--- Material shown ---

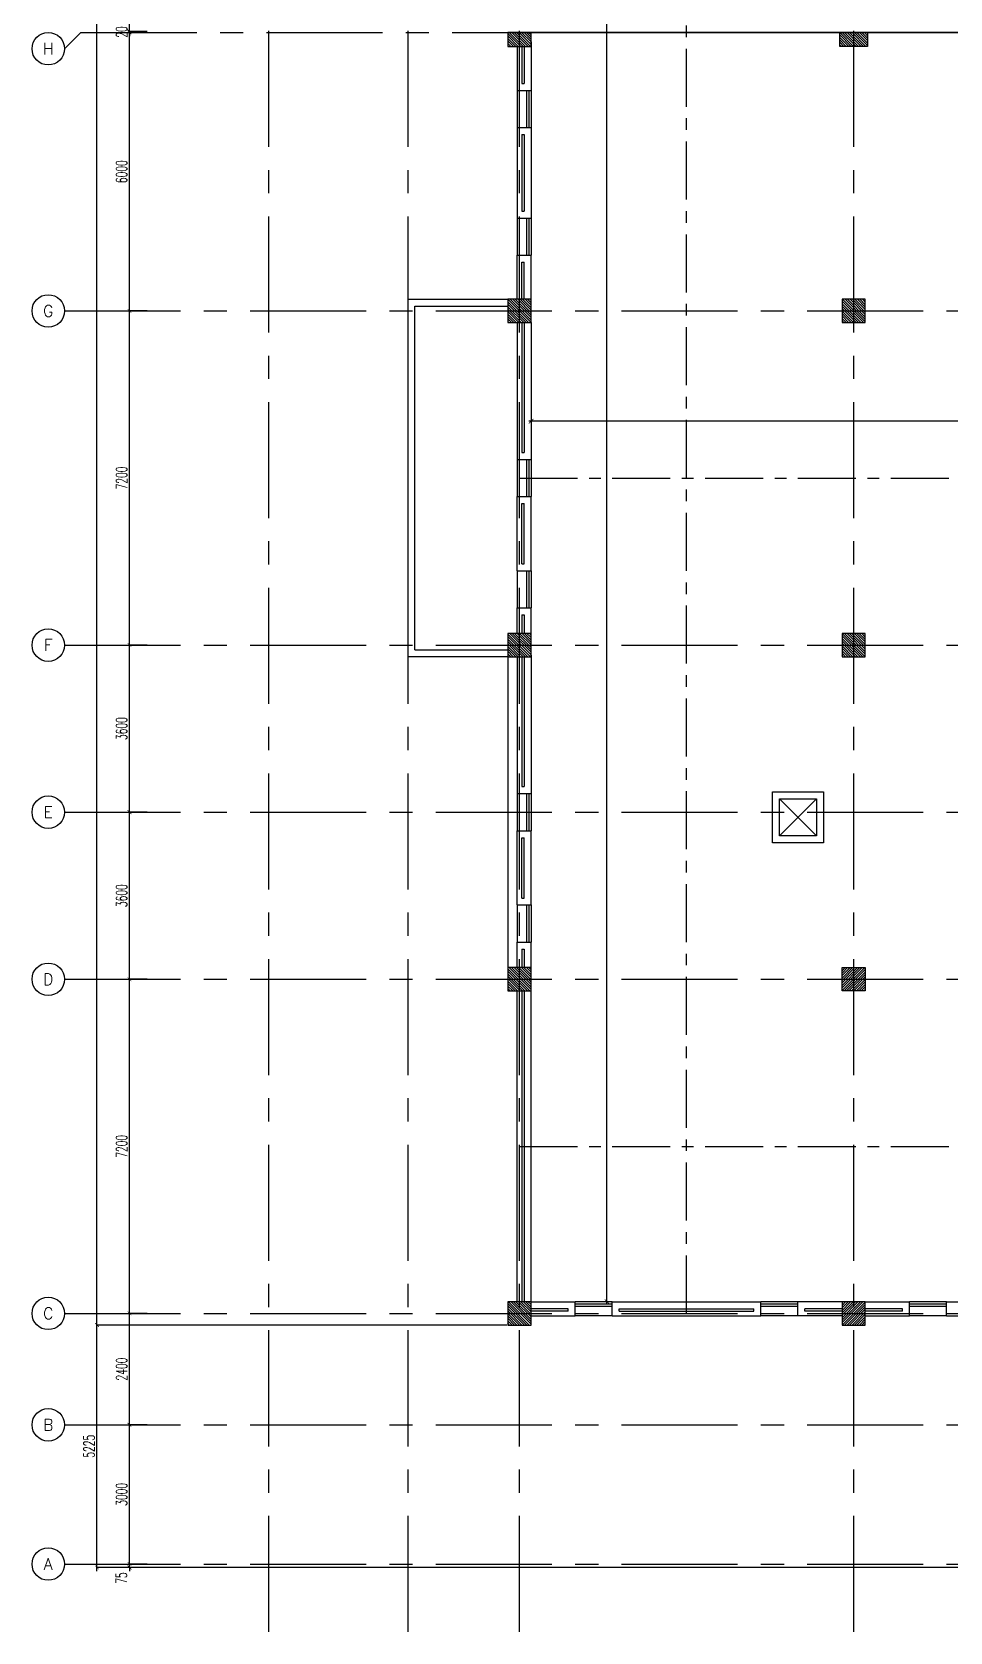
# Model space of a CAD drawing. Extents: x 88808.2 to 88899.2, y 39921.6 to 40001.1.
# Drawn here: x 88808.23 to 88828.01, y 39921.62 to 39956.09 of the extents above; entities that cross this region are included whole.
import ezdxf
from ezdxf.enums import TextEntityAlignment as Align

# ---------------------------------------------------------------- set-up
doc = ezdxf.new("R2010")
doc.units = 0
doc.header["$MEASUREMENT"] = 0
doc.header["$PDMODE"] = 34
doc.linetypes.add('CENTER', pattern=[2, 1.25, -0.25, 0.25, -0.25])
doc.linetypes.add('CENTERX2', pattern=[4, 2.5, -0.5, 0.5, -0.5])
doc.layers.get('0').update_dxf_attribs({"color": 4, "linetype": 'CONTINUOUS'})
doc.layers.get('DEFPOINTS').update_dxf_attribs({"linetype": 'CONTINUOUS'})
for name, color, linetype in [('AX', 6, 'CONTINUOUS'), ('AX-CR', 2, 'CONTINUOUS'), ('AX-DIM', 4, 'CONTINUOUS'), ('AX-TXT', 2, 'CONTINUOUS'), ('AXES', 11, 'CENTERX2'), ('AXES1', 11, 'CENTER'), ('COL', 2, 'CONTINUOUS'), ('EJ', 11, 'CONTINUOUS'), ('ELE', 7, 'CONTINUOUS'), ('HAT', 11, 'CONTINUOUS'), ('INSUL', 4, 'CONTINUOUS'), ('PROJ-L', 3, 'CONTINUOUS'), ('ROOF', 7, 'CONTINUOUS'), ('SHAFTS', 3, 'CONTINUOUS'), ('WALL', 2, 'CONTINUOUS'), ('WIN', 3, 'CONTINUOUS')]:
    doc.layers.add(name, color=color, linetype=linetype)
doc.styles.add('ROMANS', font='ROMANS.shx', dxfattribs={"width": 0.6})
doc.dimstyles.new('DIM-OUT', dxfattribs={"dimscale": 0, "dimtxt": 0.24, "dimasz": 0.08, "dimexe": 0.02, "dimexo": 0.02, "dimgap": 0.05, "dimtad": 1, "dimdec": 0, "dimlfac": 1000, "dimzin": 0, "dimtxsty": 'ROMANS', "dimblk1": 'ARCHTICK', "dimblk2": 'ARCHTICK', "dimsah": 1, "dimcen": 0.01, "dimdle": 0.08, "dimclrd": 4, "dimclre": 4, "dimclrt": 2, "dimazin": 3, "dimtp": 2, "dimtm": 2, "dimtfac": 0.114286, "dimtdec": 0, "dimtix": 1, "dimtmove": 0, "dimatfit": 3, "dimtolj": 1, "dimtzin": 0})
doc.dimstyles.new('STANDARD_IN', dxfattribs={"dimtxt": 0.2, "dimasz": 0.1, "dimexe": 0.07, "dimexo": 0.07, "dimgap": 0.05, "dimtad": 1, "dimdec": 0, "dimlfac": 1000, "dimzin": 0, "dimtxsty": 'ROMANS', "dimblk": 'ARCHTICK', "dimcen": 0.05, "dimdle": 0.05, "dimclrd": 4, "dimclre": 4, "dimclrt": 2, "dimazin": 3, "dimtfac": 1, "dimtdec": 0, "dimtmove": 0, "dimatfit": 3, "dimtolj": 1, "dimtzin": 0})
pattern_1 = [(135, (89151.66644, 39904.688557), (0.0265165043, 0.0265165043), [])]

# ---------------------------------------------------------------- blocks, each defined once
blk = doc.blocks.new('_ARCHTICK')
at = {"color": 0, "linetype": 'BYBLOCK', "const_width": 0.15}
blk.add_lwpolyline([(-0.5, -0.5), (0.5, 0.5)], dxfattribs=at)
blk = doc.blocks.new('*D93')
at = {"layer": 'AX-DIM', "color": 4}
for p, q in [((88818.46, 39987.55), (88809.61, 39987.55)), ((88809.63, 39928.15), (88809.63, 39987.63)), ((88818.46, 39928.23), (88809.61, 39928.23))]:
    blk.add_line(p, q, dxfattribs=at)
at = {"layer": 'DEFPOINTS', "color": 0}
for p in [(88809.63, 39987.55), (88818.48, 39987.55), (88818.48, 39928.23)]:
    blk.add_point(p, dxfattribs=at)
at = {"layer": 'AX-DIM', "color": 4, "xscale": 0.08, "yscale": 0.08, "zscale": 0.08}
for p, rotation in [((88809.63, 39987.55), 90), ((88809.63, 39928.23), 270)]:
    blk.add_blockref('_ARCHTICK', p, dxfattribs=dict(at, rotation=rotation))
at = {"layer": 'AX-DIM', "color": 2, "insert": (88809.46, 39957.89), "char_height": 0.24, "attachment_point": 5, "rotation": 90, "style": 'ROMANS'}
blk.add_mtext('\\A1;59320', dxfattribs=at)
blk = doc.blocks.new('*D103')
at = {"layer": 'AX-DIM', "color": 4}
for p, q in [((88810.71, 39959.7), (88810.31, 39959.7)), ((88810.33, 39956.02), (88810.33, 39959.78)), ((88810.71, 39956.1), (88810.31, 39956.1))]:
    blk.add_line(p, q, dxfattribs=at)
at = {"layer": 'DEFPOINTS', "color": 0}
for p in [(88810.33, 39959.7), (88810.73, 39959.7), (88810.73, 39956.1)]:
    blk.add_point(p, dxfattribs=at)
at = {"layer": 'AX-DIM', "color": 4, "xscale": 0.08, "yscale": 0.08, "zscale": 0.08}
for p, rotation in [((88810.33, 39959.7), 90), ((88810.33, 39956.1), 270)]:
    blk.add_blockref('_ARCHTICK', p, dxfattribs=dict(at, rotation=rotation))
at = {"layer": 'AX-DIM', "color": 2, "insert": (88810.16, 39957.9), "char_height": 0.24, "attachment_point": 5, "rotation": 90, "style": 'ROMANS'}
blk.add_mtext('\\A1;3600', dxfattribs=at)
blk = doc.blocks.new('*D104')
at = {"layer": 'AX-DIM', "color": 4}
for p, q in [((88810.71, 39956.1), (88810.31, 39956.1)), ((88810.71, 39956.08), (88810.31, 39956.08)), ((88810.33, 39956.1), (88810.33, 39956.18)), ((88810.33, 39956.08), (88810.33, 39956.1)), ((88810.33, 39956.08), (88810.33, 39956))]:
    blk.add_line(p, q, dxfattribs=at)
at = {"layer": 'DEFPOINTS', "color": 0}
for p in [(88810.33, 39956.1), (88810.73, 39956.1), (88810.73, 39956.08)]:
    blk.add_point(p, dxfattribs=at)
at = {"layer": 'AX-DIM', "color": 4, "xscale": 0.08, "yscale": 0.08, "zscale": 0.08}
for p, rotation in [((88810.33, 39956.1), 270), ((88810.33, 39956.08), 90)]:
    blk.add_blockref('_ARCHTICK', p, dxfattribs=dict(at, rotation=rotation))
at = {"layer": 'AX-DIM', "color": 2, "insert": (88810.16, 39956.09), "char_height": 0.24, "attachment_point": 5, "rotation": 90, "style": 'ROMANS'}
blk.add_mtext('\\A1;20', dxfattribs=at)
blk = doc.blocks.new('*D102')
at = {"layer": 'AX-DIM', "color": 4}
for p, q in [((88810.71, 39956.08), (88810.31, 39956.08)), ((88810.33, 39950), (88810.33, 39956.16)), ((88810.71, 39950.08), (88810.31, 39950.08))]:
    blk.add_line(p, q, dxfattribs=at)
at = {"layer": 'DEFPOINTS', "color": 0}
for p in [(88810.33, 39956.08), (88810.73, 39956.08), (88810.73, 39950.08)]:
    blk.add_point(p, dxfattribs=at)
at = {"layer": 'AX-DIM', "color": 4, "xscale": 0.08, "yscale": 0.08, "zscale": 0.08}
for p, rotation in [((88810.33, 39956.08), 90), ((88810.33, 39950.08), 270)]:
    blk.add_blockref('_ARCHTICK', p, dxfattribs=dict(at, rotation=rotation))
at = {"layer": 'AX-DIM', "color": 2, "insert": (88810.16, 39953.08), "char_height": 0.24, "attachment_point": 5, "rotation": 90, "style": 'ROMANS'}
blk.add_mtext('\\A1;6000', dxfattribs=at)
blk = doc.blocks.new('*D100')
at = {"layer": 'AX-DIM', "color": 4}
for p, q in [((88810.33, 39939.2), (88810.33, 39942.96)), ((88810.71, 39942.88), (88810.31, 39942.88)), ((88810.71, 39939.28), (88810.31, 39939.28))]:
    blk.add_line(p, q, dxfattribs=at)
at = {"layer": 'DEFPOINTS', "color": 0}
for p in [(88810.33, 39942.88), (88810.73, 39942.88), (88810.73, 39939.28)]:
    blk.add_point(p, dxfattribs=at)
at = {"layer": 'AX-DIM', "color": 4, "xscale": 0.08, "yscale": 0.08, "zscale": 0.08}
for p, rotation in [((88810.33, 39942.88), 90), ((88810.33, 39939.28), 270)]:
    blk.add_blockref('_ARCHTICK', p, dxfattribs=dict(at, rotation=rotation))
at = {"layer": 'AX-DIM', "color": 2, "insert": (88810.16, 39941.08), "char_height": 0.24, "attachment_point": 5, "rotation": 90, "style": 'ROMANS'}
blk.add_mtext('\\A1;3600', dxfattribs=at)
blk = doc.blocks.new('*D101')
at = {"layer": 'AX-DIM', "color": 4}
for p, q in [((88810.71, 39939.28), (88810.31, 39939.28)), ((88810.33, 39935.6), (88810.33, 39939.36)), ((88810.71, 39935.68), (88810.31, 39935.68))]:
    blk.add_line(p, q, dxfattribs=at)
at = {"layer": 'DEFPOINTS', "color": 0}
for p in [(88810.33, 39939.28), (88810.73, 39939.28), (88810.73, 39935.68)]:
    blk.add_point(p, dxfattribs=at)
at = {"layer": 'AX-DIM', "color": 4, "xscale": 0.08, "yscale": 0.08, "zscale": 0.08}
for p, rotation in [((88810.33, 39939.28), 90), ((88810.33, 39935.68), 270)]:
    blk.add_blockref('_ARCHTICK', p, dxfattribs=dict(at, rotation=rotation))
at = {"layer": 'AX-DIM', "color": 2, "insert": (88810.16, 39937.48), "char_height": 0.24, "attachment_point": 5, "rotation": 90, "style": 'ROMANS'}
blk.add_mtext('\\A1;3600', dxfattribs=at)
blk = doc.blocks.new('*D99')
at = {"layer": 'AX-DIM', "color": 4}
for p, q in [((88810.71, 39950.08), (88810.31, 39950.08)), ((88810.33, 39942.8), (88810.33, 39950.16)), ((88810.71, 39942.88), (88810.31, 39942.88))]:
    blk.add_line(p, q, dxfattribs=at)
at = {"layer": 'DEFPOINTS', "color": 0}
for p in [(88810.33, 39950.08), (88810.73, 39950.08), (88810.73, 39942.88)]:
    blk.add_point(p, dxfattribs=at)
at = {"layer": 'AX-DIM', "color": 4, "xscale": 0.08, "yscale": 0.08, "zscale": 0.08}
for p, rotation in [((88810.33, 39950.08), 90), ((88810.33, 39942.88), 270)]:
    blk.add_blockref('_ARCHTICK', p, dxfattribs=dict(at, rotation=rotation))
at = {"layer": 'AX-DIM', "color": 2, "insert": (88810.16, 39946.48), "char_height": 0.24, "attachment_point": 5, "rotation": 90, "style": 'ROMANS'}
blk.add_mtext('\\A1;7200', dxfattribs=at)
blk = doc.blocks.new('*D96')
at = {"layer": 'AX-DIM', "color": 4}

---

*Task requirements*: Reply with one number: the count of lines in the entries that include the word "header".

*Solution*: 2